(Entries taken from a collection)
-- Opening Marker --
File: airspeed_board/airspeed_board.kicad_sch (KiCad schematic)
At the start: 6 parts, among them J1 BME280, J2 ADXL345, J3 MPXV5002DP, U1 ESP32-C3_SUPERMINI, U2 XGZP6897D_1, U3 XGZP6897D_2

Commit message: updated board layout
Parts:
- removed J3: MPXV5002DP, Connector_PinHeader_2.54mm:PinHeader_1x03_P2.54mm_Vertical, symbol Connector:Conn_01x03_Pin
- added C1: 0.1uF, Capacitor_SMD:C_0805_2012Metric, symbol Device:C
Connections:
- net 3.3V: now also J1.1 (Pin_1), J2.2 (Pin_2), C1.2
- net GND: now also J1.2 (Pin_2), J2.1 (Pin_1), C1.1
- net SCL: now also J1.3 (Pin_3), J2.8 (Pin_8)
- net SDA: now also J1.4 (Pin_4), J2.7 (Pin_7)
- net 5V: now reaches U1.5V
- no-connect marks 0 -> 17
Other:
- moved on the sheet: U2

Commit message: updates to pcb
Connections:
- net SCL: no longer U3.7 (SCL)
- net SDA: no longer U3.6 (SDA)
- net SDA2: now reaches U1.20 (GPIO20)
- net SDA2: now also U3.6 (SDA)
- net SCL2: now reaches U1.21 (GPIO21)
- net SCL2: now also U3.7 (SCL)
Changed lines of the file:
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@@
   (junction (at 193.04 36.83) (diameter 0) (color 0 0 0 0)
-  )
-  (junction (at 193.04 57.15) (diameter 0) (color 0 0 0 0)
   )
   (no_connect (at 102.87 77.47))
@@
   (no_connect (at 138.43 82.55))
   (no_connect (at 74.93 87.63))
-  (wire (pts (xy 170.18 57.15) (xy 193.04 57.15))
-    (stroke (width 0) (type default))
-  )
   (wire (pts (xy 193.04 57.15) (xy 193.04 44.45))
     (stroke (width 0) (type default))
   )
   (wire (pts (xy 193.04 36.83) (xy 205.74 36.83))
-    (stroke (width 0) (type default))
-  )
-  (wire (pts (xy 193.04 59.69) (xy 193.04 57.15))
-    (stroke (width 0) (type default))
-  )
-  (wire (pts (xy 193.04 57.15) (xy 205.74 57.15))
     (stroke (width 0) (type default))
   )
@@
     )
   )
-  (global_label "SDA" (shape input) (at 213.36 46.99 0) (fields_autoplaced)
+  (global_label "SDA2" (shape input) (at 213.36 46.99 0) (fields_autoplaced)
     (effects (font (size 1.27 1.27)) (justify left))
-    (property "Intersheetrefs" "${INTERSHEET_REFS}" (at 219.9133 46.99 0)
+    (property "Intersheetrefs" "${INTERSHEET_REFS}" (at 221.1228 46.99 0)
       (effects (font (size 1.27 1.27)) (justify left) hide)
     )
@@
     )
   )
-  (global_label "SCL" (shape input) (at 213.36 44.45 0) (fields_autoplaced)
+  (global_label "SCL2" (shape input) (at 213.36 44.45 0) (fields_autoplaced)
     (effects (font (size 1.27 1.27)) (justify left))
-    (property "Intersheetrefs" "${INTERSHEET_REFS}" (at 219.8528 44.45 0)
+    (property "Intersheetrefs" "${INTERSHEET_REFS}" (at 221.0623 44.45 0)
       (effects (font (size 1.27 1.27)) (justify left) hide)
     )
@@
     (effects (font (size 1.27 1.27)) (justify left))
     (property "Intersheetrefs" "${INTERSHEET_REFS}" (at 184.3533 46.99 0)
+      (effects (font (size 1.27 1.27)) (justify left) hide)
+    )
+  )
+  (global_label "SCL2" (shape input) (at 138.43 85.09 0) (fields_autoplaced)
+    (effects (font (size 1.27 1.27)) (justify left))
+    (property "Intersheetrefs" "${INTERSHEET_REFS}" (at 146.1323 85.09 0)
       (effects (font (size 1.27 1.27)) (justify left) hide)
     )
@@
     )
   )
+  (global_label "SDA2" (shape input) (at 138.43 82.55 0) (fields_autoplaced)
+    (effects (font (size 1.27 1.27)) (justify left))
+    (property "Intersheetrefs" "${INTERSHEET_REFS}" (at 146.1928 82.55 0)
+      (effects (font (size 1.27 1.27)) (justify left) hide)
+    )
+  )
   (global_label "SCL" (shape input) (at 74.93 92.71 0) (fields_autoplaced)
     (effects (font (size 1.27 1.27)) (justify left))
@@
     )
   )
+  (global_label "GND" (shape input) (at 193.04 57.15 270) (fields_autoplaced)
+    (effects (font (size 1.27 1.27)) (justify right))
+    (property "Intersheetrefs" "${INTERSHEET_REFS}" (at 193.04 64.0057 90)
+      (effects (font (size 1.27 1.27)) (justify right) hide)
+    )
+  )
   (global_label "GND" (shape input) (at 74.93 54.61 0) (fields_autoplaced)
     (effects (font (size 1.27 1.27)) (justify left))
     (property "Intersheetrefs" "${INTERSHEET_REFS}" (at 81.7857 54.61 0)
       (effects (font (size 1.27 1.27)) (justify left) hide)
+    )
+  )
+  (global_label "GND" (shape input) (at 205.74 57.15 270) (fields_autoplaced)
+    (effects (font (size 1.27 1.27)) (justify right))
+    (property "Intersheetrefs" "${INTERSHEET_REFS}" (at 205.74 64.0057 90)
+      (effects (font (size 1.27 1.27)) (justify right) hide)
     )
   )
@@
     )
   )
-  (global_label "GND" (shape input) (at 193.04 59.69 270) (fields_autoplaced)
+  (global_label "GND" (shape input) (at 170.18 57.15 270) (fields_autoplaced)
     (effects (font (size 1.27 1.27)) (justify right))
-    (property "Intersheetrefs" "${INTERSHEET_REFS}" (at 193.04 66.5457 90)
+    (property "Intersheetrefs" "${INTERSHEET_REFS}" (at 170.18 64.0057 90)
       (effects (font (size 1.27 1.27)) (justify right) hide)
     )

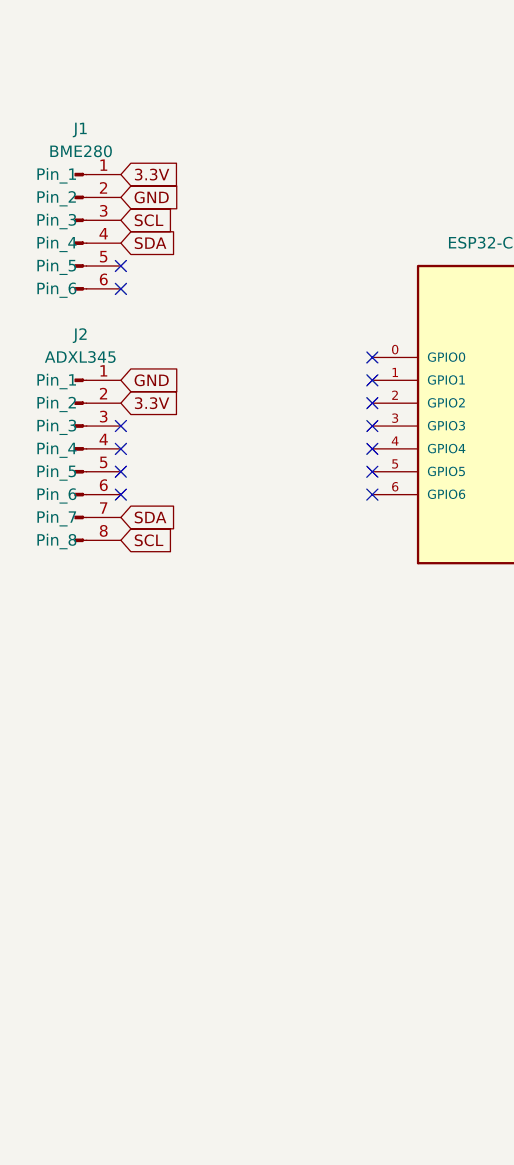
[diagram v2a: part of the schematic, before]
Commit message: update fix the power for bme and battery connector
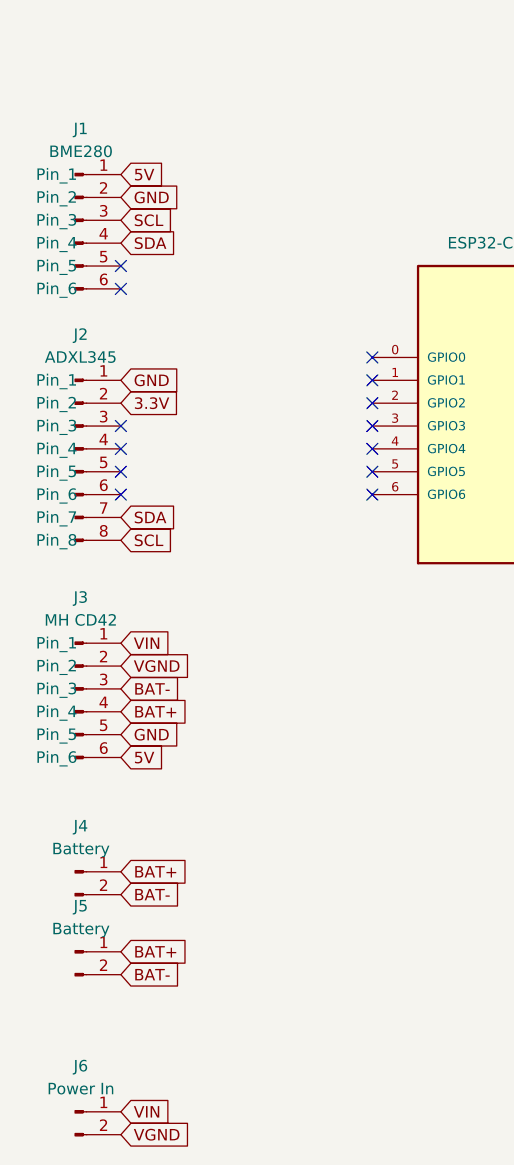
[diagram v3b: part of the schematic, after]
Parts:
- added J3: MH CD42, Connector_PinHeader_2.54mm:PinHeader_1x06_P2.54mm_Vertical, symbol Connector:Conn_01x06_Pin
- added J4: Battery, Connector_PinSocket_2.54mm:PinSocket_1x02_P2.54mm_Vertical, symbol Connector:Conn_01x02_Pin
- added J5: Battery, Connector_PinSocket_1.27mm:PinSocket_1x02_P1.27mm_Vertical, symbol Connector:Conn_01x02_Pin
- added J6: Power In, Connector_PinHeader_2.54mm:PinHeader_1x02_P2.54mm_Vertical, symbol Connector:Conn_01x02_Pin
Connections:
- net 3.3V: no longer J1.1 (Pin_1)
- net 5V: now also J1.1 (Pin_1), J3.6 (Pin_6)
- net GND: now also J3.5 (Pin_5)
- new net BAT+: J3.4 (Pin_4), J4.1 (Pin_1), J5.1 (Pin_1)
- new net BAT-: J3.3 (Pin_3), J4.2 (Pin_2), J5.2 (Pin_2)
- new net VGND: J3.2 (Pin_2), J6.2 (Pin_2)
- new net VIN: J3.1 (Pin_1), J6.1 (Pin_1)
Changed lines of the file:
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@@
     (stroke (width 0) (type default))
   )
+  (global_label "BAT-" (shape input) (at 74.93 140.97 0) (fields_autoplaced)
+    (effects (font (size 1.27 1.27)) (justify left))
+    (property "Intersheetrefs" "${INTERSHEET_REFS}" (at 82.8138 140.97 0)
+      (effects (font (size 1.27 1.27)) (justify left) hide)
+    )
+  )
   (global_label "3.3V" (shape input) (at 138.43 67.31 0) (fields_autoplaced)
     (effects (font (size 1.27 1.27)) (justify left))
@@
     )
   )
+  (global_label "BAT+" (shape input) (at 74.93 111.76 0) (fields_autoplaced)
+    (effects (font (size 1.27 1.27)) (justify left))
+    (property "Intersheetrefs" "${INTERSHEET_REFS}" (at 82.8138 111.76 0)
+      (effects (font (size 1.27 1.27)) (justify left) hide)
+    )
+  )
+  (global_label "BAT-" (shape input) (at 74.93 132.08 0) (fields_autoplaced)
+    (effects (font (size 1.27 1.27)) (justify left))
+    (property "Intersheetrefs" "${INTERSHEET_REFS}" (at 82.8138 132.08 0)
+      (effects (font (size 1.27 1.27)) (justify left) hide)
+    )
+  )
   (global_label "SDA2" (shape input) (at 213.36 46.99 0) (fields_autoplaced)
     (effects (font (size 1.27 1.27)) (justify left))
@@
     )
   )
+  (global_label "BAT+" (shape input) (at 74.93 138.43 0) (fields_autoplaced)
+    (effects (font (size 1.27 1.27)) (justify left))
+    (property "Intersheetrefs" "${INTERSHEET_REFS}" (at 82.8138 138.43 0)
+      (effects (font (size 1.27 1.27)) (justify left) hide)
+    )
+  )
+  (global_label "5V" (shape input) (at 74.93 116.84 0) (fields_autoplaced)
+    (effects (font (size 1.27 1.27)) (justify left))
+    (property "Intersheetrefs" "${INTERSHEET_REFS}" (at 80.2133 116.84 0)
+      (effects (font (size 1.27 1.27)) (justify left) hide)
+    )
+  )
+  (global_label "VGND" (shape input) (at 74.93 106.68 0) (fields_autoplaced)
+    (effects (font (size 1.27 1.27)) (justify left))
+    (property "Intersheetrefs" "${INTERSHEET_REFS}" (at 82.8743 106.68 0)
+      (effects (font (size 1.27 1.27)) (justify left) hide)
+    )
+  )
   (global_label "SCL2" (shape input) (at 138.43 85.09 0) (fields_autoplaced)
     (effects (font (size 1.27 1.27)) (justify left))
@@
     )
   )
+  (global_label "5V" (shape input) (at 74.93 52.07 0) (fields_autoplaced)
+    (effects (font (size 1.27 1.27)) (justify left))
+    (property "Intersheetrefs" "${INTERSHEET_REFS}" (at 80.2133 52.07 0)
+      (effects (font (size 1.27 1.27)) (justify left) hide)
+    )
+  )
   (global_label "SCL" (shape input) (at 74.93 57.15 0) (fields_autoplaced)
     (effects (font (size 1.27 1.27)) (justify left))
@@
     )
   )
+  (global_label "VIN" (shape input) (at 74.93 156.21 0) (fields_autoplaced)
+    (effects (font (size 1.27 1.27)) (justify left))
+    (property "Intersheetrefs" "${INTERSHEET_REFS}" (at 80.9391 156.21 0)
+      (effects (font (size 1.27 1.27)) (justify left) hide)
+    )
+  )
   (global_label "GND" (shape input) (at 74.93 74.93 0) (fields_autoplaced)
     (effects (font (size 1.27 1.27)) (justify left))
     (property "Intersheetrefs" "${INTERSHEET_REFS}" (at 81.7857 74.93 0)
-      (effects (font (size 1.27 1.27)) (justify left) hide)
-    )
-  )
-  (global_label "3.3V" (shape input) (at 74.93 52.07 0) (fields_autoplaced)
-    (effects (font (size 1.27 1.27)) (justify left))
-    (property "Intersheetrefs" "${INTERSHEET_REFS}" (at 82.0276 52.07 0)
       (effects (font (size 1.27 1.27)) (justify left) hide)
     )
@@
     )
   )
+  (global_label "VGND" (shape input) (at 74.93 158.75 0) (fields_autoplaced)
+    (effects (font (size 1.27 1.27)) (justify left))
+    (property "Intersheetrefs" "${INTERSHEET_REFS}" (at 82.8743 158.75 0)
+      (effects (font (size 1.27 1.27)) (justify left) hide)
+    )
+  )
   (global_label "3.3V" (shape input) (at 74.93 77.47 0) (fields_autoplaced)
     (effects (font (size 1.27 1.27)) (justify left))
@@
     )
   )
+  (global_label "BAT-" (shape input) (at 74.93 109.22 0) (fields_autoplaced)
+    (effects (font (size 1.27 1.27)) (justify left))
+    (property "Intersheetrefs" "${INTERSHEET_REFS}" (at 82.8138 109.22 0)
+      (effects (font (size 1.27 1.27)) (justify left) hide)
+    )
+  )
+  (global_label "GND" (shape input) (at 74.93 114.3 0) (fields_autoplaced)
+    (effects (font (size 1.27 1.27)) (justify left))
+    (property "Intersheetrefs" "${INTERSHEET_REFS}" (at 81.7857 114.3 0)
+      (effects (font (size 1.27 1.27)) (justify left) hide)
+    )
+  )
   (global_label "SDA" (shape input) (at 138.43 74.93 0) (fields_autoplaced)
     (effects (font (size 1.27 1.27)) (justify left))
@@
     (effects (font (size 1.27 1.27)) (justify left))
     (property "Intersheetrefs" "${INTERSHEET_REFS}" (at 81.4833 90.17 0)
+      (effects (font (size 1.27 1.27)) (justify left) hide)
+    )
+  )
+  (global_label "VIN" (shape input) (at 74.93 104.14 0) (fields_autoplaced)
+    (effects (font (size 1.27 1.27)) (justify left))
+    (property "Intersheetrefs" "${INTERSHEET_REFS}" (at 80.9391 104.14 0)
       (effects (font (size 1.27 1.27)) (justify left) hide)
     )
@@
     )
   )
+  (global_label "BAT+" (shape input) (at 74.93 129.54 0) (fields_autoplaced)
+    (effects (font (size 1.27 1.27)) (justify left))
+    (property "Intersheetrefs" "${INTERSHEET_REFS}" (at 82.8138 129.54 0)
+      (effects (font (size 1.27 1.27)) (justify left) hide)
+    )
+  )
   (global_label "5V" (shape input) (at 138.43 64.77 0) (fields_autoplaced)
     (effects (font (size 1.27 1.27)) (justify left))
     (property "Intersheetrefs" "${INTERSHEET_REFS}" (at 143.7133 64.77 0)
       (effects (font (size 1.27 1.27)) (justify left) hide)
+    )
+  )
+  (symbol (lib_id "Connector:Conn_01x02_Pin") (at 69.85 156.21 0) (unit 1)
+    (in_bom yes) (on_board yes) (dnp no) (fields_autoplaced)
+    (property "Reference" "J6" (at 70.485 151.13 0)
+      (effects (font (size 1.27 1.27)))
+    )
+    (property "Value" "Power In" (at 70.485 153.67 0)
+      (effects (font (size 1.27 1.27)))
+    )
+    (property "Footprint" "Connector_PinHeader_2.54mm:PinHeader_1x02_P2.54mm_Vertical" (at 69.85 156.21 0)
+      (effects (font (size 1.27 1.27)) hide)
+    )
+    (property "Datasheet" "~" (at 69.85 156.21 0)
+      (effects (font (size 1.27 1.27)) hide)
+    )
+    (pin "1")
+    (pin "2")
+    (instances
+      (project "airspeed_board"
+        (path "/0a28f27d-d548-4aad-94f9-325f9556760e"
+          (reference "J6") (unit 1)
+        )
+      )
     )
   )
@@
     )
   )
+  (symbol (lib_name "Conn_01x06_Pin_1") (lib_id "Connector:Conn_01x06_Pin") (at 69.85 109.22 0) (unit 1)
+    (in_bom yes) (on_board yes) (dnp no) (fields_autoplaced)
+    (property "Reference" "J3" (at 70.485 99.06 0)
+      (effects (font (size 1.27 1.27)))
+    )
+    (property "Value" "MH CD42" (at 70.485 101.6 0)
+      (effects (font (size 1.27 1.27)))
+    )
+    (property "Footprint" "Connector_PinHeader_2.54mm:PinHeader_1x06_P2.54mm_Vertical" (at 69.85 109.22 0)
+      (effects (font (size 1.27 1.27)) hide)
+    )
+    (property "Datasheet" "~" (at 69.85 109.22 0)
+      (effects (font (size 1.27 1.27)) hide)
+    )
+    (pin "1")
+    (pin "2")
+    (pin "3")
+    (pin "4")
+    (pin "5")
+    (pin "6")
+    (instances
+      (project "airspeed_board"
+        (path "/0a28f27d-d548-4aad-94f9-325f9556760e"
+          (reference "J3") (unit 1)
+        )
+      )
+    )
+  )
   (symbol (lib_id "Connector:Conn_01x08_Pin") (at 69.85 82.55 0) (unit 1)
     (in_bom yes) (on_board yes) (dnp no) (fields_autoplaced)
@@
         )
       )
+    )
+  )
+  (symbol (lib_id "Connector:Conn_01x02_Pin") (at 69.85 138.43 0) (unit 1)
+    (in_bom yes) (on_board yes) (dnp no) (fields_autoplaced)
+    (property "Reference" "J5" (at 70.485 133.35 0)
+      (effects (font (size 1.27 1.27)))
+    )
+    (property "Value" "Battery" (at 70.485 135.89 0)
+      (effects (font (size 1.27 1.27)))
+    )
+    (property "Footprint" "Connector_PinSocket_1.27mm:PinSocket_1x02_P1.27mm_Vertical" (at 69.85 138.43 0)
+      (effects (font (size 1.27 1.27)) hide)
+    )
+    (property "Datasheet" "~" (at 69.85 138.43 0)
+      (effects (font (size 1.27 1.27)) hide)
+    )
+    (pin "1")
+    (pin "2")
+    (instances
+      (project "airspeed_board"
+        (path "/0a28f27d-d548-4aad-94f9-325f9556760e"
+          (reference "J5") (unit 1)
+        )
+      )
+    )
+  )
+  (symbol (lib_id "Connector:Conn_01x02_Pin") (at 69.85 129.54 0) (unit 1)
+    (in_bom yes) (on_board yes) (dnp no) (fields_autoplaced)
+    (property "Reference" "J4" (at 70.485 124.46 0)
+      (effects (font (size 1.27 1.27)))
+    )
+    (property "Value" "Battery" (at 70.485 127 0)
+      (effects (font (size 1.27 1.27)))
+    )
+    (property "Footprint" "Connector_PinSocket_2.54mm:PinSocket_1x02_P2.54mm_Vertical" (at 69.85 129.54 0)
+      (effects (font (size 1.27 1.27)) hide)
+    )
+    (property "Datasheet" "~" (at 69.85 129.54 0)
+      (effects (font (size 1.27 1.27)) hide)
+    )
+    (pin "1")
+    (pin "2")
+    (instances
+      (project "airspeed_board"
+        (path "/0a28f27d-d548-4aad-94f9-325f9556760e"
+          (reference "J4") (unit 1)
+        )
+      )
-- Closing Marker --
Reply with one number, the count of lines in the data that contain "color".

• [Exercise result] 2